• What the exercise asks
Would you repeat word for word the lines of the listing that follows, from the one with "At the start: 8" up to and including the one with "- added J1: GND, Deck_Plate_PCB:Terminal_Lug_PCB, symbol", and leave out the images?

+++++

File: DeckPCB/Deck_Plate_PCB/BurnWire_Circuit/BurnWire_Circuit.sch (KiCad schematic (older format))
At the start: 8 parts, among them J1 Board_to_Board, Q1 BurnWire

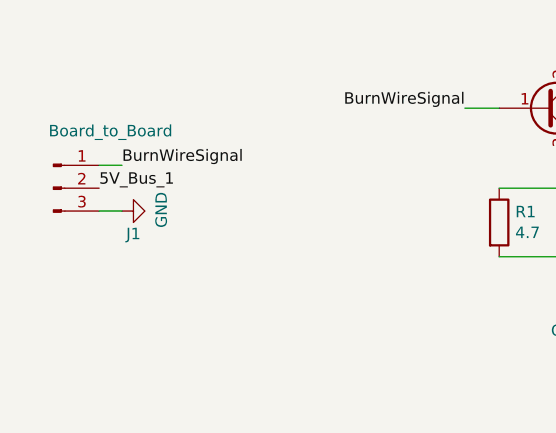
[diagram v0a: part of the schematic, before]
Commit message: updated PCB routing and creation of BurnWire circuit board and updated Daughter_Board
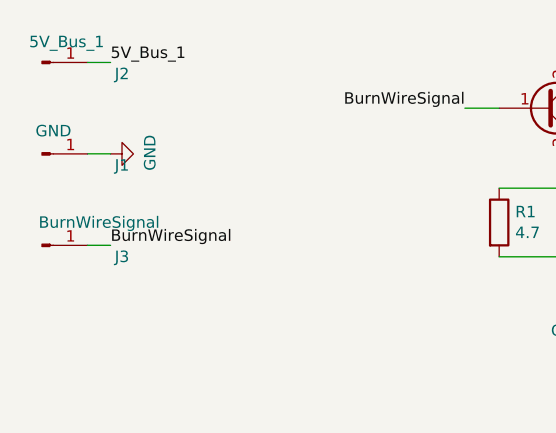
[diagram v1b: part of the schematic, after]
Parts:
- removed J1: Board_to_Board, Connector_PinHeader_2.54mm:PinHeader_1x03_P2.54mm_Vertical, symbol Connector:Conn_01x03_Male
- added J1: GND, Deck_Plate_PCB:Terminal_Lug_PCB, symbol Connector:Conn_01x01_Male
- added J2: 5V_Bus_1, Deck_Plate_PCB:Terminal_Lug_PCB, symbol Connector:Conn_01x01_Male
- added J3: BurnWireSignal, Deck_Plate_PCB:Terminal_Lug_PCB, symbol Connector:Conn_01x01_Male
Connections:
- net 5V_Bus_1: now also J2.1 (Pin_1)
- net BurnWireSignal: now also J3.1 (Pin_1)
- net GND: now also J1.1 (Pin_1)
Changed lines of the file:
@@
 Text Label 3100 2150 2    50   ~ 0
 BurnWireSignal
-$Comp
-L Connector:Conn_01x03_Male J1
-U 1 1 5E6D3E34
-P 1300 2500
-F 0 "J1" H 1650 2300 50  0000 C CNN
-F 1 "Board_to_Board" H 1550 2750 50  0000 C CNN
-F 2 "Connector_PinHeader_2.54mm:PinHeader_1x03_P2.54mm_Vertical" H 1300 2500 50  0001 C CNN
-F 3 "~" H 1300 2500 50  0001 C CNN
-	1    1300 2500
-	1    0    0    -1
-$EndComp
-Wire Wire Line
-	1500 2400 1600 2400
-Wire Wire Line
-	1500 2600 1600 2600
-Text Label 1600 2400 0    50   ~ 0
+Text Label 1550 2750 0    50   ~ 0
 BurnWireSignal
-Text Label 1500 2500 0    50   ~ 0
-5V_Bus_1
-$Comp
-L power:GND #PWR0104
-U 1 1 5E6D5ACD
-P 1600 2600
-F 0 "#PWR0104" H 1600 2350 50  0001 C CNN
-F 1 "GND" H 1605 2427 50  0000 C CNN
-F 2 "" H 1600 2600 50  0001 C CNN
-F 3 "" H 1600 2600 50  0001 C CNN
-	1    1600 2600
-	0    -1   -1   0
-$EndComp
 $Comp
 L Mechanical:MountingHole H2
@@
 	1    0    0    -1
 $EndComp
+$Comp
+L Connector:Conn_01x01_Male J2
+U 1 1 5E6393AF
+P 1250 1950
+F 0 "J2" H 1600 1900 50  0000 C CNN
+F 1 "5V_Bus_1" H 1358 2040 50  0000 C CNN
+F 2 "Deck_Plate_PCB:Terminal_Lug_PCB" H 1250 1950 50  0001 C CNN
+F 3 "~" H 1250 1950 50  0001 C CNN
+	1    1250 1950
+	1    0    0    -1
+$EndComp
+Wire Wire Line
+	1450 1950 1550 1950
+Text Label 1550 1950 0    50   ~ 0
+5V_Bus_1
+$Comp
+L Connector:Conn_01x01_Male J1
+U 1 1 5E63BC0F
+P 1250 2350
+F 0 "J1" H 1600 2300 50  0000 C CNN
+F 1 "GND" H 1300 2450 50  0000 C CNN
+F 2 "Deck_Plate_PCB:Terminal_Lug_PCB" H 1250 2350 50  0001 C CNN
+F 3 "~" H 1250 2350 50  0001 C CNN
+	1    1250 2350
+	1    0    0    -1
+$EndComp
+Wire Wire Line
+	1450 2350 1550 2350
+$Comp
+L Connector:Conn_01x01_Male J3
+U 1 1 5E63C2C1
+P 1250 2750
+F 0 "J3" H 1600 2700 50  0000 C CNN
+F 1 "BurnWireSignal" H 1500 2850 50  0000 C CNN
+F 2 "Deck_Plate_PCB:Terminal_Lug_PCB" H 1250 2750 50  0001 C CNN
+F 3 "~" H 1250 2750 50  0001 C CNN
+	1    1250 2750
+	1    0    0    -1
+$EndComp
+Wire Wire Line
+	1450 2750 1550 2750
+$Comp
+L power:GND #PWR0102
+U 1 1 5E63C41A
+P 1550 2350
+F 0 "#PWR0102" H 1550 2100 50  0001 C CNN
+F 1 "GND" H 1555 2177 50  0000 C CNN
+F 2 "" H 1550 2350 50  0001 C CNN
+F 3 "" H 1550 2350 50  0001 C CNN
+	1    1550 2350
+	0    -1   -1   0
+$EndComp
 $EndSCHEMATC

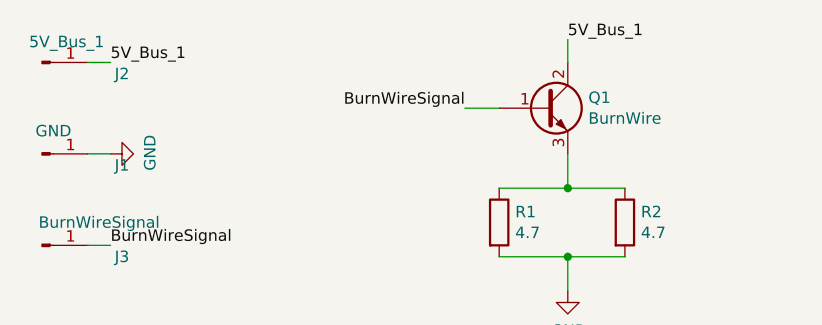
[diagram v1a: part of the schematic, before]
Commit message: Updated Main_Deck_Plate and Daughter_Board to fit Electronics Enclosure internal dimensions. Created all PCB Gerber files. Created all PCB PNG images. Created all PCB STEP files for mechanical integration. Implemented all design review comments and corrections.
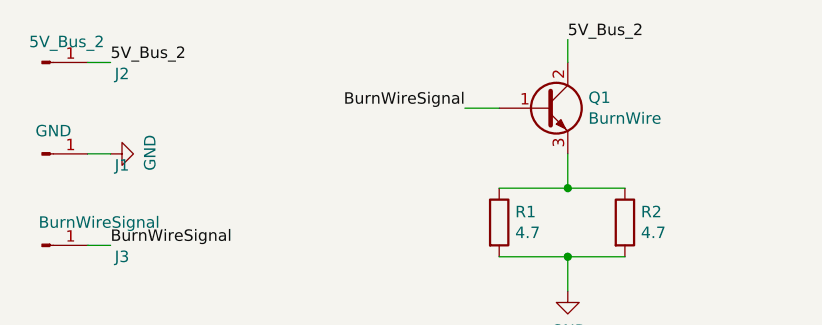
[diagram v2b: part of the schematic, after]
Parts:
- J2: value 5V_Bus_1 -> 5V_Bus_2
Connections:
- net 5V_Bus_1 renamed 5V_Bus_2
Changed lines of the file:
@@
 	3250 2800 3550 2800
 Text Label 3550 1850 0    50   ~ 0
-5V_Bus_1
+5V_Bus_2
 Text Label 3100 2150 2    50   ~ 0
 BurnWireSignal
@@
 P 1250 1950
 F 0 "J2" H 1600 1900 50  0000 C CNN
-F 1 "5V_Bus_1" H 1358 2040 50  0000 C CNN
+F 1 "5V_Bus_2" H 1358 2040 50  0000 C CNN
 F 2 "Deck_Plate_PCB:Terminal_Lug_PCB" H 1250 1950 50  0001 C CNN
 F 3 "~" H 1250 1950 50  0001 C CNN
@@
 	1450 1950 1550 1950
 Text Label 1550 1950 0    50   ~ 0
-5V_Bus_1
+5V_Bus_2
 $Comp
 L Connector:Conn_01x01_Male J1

+++++

• Result below
At the start: 8 parts, among them J1 Board_to_Board, Q1 BurnWire

[diagram v0a: part of the schematic, before]
Commit message: updated PCB routing and creation of BurnWire circuit board and updated Daughter_Board
[diagram v1b: part of the schematic, after]
Parts:
- removed J1: Board_to_Board, Connector_PinHeader_2.54mm:PinHeader_1x03_P2.54mm_Vertical, symbol Connector:Conn_01x03_Male
- added J1: GND, Deck_Plate_PCB:Terminal_Lug_PCB, symbol Connector:Conn_01x01_Male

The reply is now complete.